To generate out testbed, we systematically varied parameters in our attack generation scripts, so that different variations of the above mentioned attacks are generated.

We ran the Spire system, and launched these attacks, to test the performance of our ML models.The table summarized the number of attacks detected by each predictor and overall system for a total of 28 attacks.

Packet Analysis Model || Traffic Pattern Model || Overall System ||
Accuracy 25/28(89.2%) 22/28(78.6%) 27/28(96.5%)

Demos:

In the videos below the top - right screen is output log of Traffic Pattern based Predictor which predicts the past minute's traffic as either normal or abnormal. The top-left screen is output log of Packet Analysis based predictor printing as soon as an attack packet is predicted. The bottom window is used to generate attacks.

Demo 1: Probing/ Scanning

The packets in such attack are low in volume but their headers vary as such attacks are intended to explore the system. In the video we generate random UDP packets mimicking the genuine IPs. The Packet Analysis based Predictor (top- left screen) immediately detects the packets and prints their summary. The Traffic Pattern based Predictor waits till the end of current interval (60 sec) to give summary stats of the abnormal traffic it has observed.

Demo 2: DoS

In this Denial of Service attack a plc is targeted. These packets headers may have some matching fields as good packets and are also generally high in volume (as the target is to exhaust resources). The Packet Analysis based Predictor detects these packets (highlighted in the video) along with Traffic Pattern based Predictor.

Demo 3: Replay Attack with certain volume

As the name indicates the good packets are captured and are used for DoS attacks. As the headers match exactly with good packets the Packet Analysis based Predictor fails to detect them. Due to their significant volume the Traffic Pattern based Predictor will be able to detect them and provide a summary that the volume is more that expected.
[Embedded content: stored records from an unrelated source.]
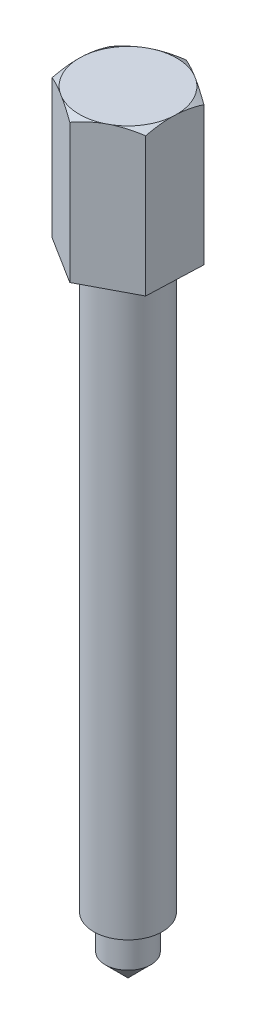
ISO-10303-21;
HEADER;
FILE_DESCRIPTION(('STEP AP214'),'2;1');
FILE_NAME('part.step','',(''),(''),'','','');
FILE_SCHEMA(('AUTOMOTIVE_DESIGN { 1 0 10303 214 1 1 1 1 }'));
ENDSEC;
DATA;
#1=APPLICATION_CONTEXT('core data for automotive mechanical design processes');
#2=APPLICATION_PROTOCOL_DEFINITION('international standard','automotive_design',2000,#1);
#3=PRODUCT_CONTEXT('',#1,'mechanical');
#4=PRODUCT('Part','Part','',(#3));
#5=PRODUCT_RELATED_PRODUCT_CATEGORY('part','',(#4));
#6=PRODUCT_DEFINITION_FORMATION('','',#4);
#7=PRODUCT_DEFINITION_CONTEXT('part definition',#1,'design');
#8=PRODUCT_DEFINITION('design','',#6,#7);
#9=PRODUCT_DEFINITION_SHAPE('','',#8);
#10=(LENGTH_UNIT() NAMED_UNIT(*) SI_UNIT(.MILLI.,.METRE.));
#11=(NAMED_UNIT(*) PLANE_ANGLE_UNIT() SI_UNIT($,.RADIAN.));
#12=(NAMED_UNIT(*) SI_UNIT($,.STERADIAN.) SOLID_ANGLE_UNIT());
#13=UNCERTAINTY_MEASURE_WITH_UNIT(LENGTH_MEASURE(1.E-05),#10,'distance_accuracy_value','');
#14=(GEOMETRIC_REPRESENTATION_CONTEXT(3) GLOBAL_UNCERTAINTY_ASSIGNED_CONTEXT((#13)) GLOBAL_UNIT_ASSIGNED_CONTEXT((#10,
#11,#12)) REPRESENTATION_CONTEXT('',''));
#15=CARTESIAN_POINT('',(0.,0.,0.));
#16=DIRECTION('',(0.,0.,1.));
#17=DIRECTION('',(1.,0.,0.));
#18=AXIS2_PLACEMENT_3D('',#15,#16,#17);
#19=CARTESIAN_POINT('',(0.,-110.,0.));
#20=DIRECTION('',(0.,1.,0.));
#21=DIRECTION('',(0.,0.,1.));
#22=AXIS2_PLACEMENT_3D('',#19,#20,#21);
#23=CONICAL_SURFACE('',#22,0.,0.785398163397444);
#24=CARTESIAN_POINT('',(0.,-106.,0.));
#25=DIRECTION('',(0.,1.,0.));
#26=DIRECTION('',(0.,0.,1.));
#27=AXIS2_PLACEMENT_3D('',#24,#25,#26);
#28=CIRCLE('',#27,4.00000000000001);
#29=CARTESIAN_POINT('',(0.,-106.,4.00000000000001));
#30=VERTEX_POINT('',#29);
#31=EDGE_CURVE('E135',#30,#30,#28,.T.);
#32=ORIENTED_EDGE('',*,*,#31,.F.);
#33=EDGE_LOOP('',(#32));
#34=FACE_BOUND('',#33,.T.);
#35=CARTESIAN_POINT('',(0.,-110.,0.));
#36=VERTEX_POINT('',#35);
#37=VERTEX_LOOP('',#36);
#38=FACE_BOUND('',#37,.T.);
#39=ADVANCED_FACE('F35',(#34,#38),#23,.T.);
#40=CARTESIAN_POINT('',(0.,0.,0.));
#41=DIRECTION('',(0.,1.,0.));
#42=DIRECTION('',(0.,0.,1.));
#43=AXIS2_PLACEMENT_3D('',#40,#41,#42);
#44=CYLINDRICAL_SURFACE('',#43,4.00000000000001);
#45=CARTESIAN_POINT('',(0.,-100.,0.));
#46=DIRECTION('',(0.,1.,0.));
#47=DIRECTION('',(0.,0.,1.));
#48=AXIS2_PLACEMENT_3D('',#45,#46,#47);
#49=CIRCLE('',#48,4.00000000000001);
#50=CARTESIAN_POINT('',(0.,-100.,4.00000000000001));
#51=VERTEX_POINT('',#50);
#52=EDGE_CURVE('E188',#51,#51,#49,.T.);
#53=ORIENTED_EDGE('',*,*,#52,.F.);
#54=EDGE_LOOP('',(#53));
#55=FACE_BOUND('',#54,.T.);
#56=ORIENTED_EDGE('',*,*,#31,.T.);
#57=EDGE_LOOP('',(#56));
#58=FACE_BOUND('',#57,.T.);
#59=ADVANCED_FACE('F193',(#55,#58),#44,.T.);
#60=CARTESIAN_POINT('',(4.00000000000001,-100.,0.));
#61=DIRECTION('',(0.,1.,0.));
#62=DIRECTION('',(0.,0.,1.));
#63=AXIS2_PLACEMENT_3D('',#60,#61,#62);
#64=PLANE('',#63);
#65=CARTESIAN_POINT('',(0.,-100.,0.));
#66=DIRECTION('',(0.,1.,0.));
#67=DIRECTION('',(0.,0.,1.));
#68=AXIS2_PLACEMENT_3D('',#65,#66,#67);
#69=CIRCLE('',#68,6.);
#70=CARTESIAN_POINT('',(0.,-100.,6.));
#71=VERTEX_POINT('',#70);
#72=EDGE_CURVE('E185',#71,#71,#69,.T.);
#73=ORIENTED_EDGE('',*,*,#72,.F.);
#74=EDGE_LOOP('',(#73));
#75=FACE_BOUND('',#74,.T.);
#76=ORIENTED_EDGE('',*,*,#52,.T.);
#77=EDGE_LOOP('',(#76));
#78=FACE_BOUND('',#77,.T.);
#79=ADVANCED_FACE('F200',(#75,#78),#64,.F.);
#80=CARTESIAN_POINT('',(0.,0.,0.));
#81=DIRECTION('',(0.,1.,0.));
#82=DIRECTION('',(0.,0.,1.));
#83=AXIS2_PLACEMENT_3D('',#80,#81,#82);
#84=CYLINDRICAL_SURFACE('',#83,6.);
#85=CARTESIAN_POINT('',(0.,0.,0.));
#86=DIRECTION('',(0.,1.,0.));
#87=DIRECTION('',(0.,0.,1.));
#88=AXIS2_PLACEMENT_3D('',#85,#86,#87);
#89=CIRCLE('',#88,6.);
#90=CARTESIAN_POINT('',(0.,0.,6.));
#91=VERTEX_POINT('',#90);
#92=EDGE_CURVE('E182',#91,#91,#89,.T.);
#93=ORIENTED_EDGE('',*,*,#92,.F.);
#94=EDGE_LOOP('',(#93));
#95=FACE_BOUND('',#94,.T.);
#96=ORIENTED_EDGE('',*,*,#72,.T.);
#97=EDGE_LOOP('',(#96));
#98=FACE_BOUND('',#97,.T.);
#99=ADVANCED_FACE('F205',(#95,#98),#84,.T.);
#100=CARTESIAN_POINT('',(0.,0.,0.));
#101=DIRECTION('',(0.,1.,0.));
#102=DIRECTION('',(0.,0.,1.));
#103=AXIS2_PLACEMENT_3D('',#100,#101,#102);
#104=PLANE('',#103);
#105=DIRECTION('',(0.884127698716343,0.,-0.467245344934054));
#106=VECTOR('',#105,1.);
#107=CARTESIAN_POINT('',(-0.367251169301559,0.,9.80808135732876));
#108=LINE('',#107,#106);
#109=CARTESIAN_POINT('',(-0.367251169301559,0.,9.80808135732876));
#110=VERTEX_POINT('',#109);
#111=CARTESIAN_POINT('',(8.31042203318048,0.,5.22208952084907));
#112=VERTEX_POINT('',#111);
#113=EDGE_CURVE('E154',#110,#112,#108,.T.);
#114=ORIENTED_EDGE('',*,*,#113,.F.);
#115=DIRECTION('',(0.846710187871085,0.,0.5320543748108));
#116=VECTOR('',#115,1.);
#117=CARTESIAN_POINT('',(-8.67767320248205,0.,4.58599183647969));
#118=LINE('',#117,#116);
#119=CARTESIAN_POINT('',(-8.67767320248205,0.,4.58599183647969));
#120=VERTEX_POINT('',#119);
#121=EDGE_CURVE('E170',#120,#110,#118,.T.);
#122=ORIENTED_EDGE('',*,*,#121,.F.);
#123=DIRECTION('',(-0.0374175108452577,0.,0.999299719744855));
#124=VECTOR('',#123,1.);
#125=CARTESIAN_POINT('',(-8.31042203318049,0.,-5.22208952084907));
#126=LINE('',#125,#124);
#127=CARTESIAN_POINT('',(-8.31042203318049,0.,-5.22208952084907));
#128=VERTEX_POINT('',#127);
#129=EDGE_CURVE('E167',#128,#120,#126,.T.);
#130=ORIENTED_EDGE('',*,*,#129,.F.);
#131=DIRECTION('',(-0.884127698716343,0.,0.467245344934054));
#132=VECTOR('',#131,1.);
#133=CARTESIAN_POINT('',(0.36725116930156,0.,-9.80808135732876));
#134=LINE('',#133,#132);
#135=CARTESIAN_POINT('',(0.36725116930156,0.,-9.80808135732876));
#136=VERTEX_POINT('',#135);
#137=EDGE_CURVE('E164',#136,#128,#134,.T.);
#138=ORIENTED_EDGE('',*,*,#137,.F.);
#139=DIRECTION('',(-0.846710187871085,0.,-0.5320543748108));
#140=VECTOR('',#139,1.);
#141=CARTESIAN_POINT('',(8.67767320248205,0.,-4.58599183647969));
#142=LINE('',#141,#140);
#143=CARTESIAN_POINT('',(8.67767320248205,0.,-4.58599183647969));
#144=VERTEX_POINT('',#143);
#145=EDGE_CURVE('E161',#144,#136,#142,.T.);
#146=ORIENTED_EDGE('',*,*,#145,.F.);
#147=DIRECTION('',(0.0374175108452579,0.,-0.999299719744855));
#148=VECTOR('',#147,1.);
#149=CARTESIAN_POINT('',(8.31042203318048,0.,5.22208952084907));
#150=LINE('',#149,#148);
#151=EDGE_CURVE('E157',#112,#144,#150,.T.);
#152=ORIENTED_EDGE('',*,*,#151,.F.);
#153=EDGE_LOOP('',(#114,#122,#130,#138,#146,#152));
#154=FACE_BOUND('',#153,.T.);
#155=ORIENTED_EDGE('',*,*,#92,.T.);
#156=EDGE_LOOP('',(#155));
#157=FACE_BOUND('',#156,.T.);
#158=ADVANCED_FACE('F212',(#154,#157),#104,.F.);
#159=CARTESIAN_POINT('',(-0.367251169301559,25.,9.80808135732876));
#160=DIRECTION('',(-0.467245344934054,0.,-0.884127698716343));
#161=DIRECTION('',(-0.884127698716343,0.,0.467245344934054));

Demo 4: Replay Attack with very low volume

The packets are captured good traffic and are also very low in volume. Hence, both predictors fail to detect this scenario. But, the system is tolerant to such attacks at both network level and system level causing no adverse impact.

Demo 5: Byzantine Node Attack

In this scenario a node is assumed to be compromized. It is capable of sending DoS traffic directed towards other components which are part of system but not part of its intended communication. The packet Analysis based traffic detects in mixed header cases and the Traffic Pattern based Predictor detects when such scenarios have even low volume of traffic.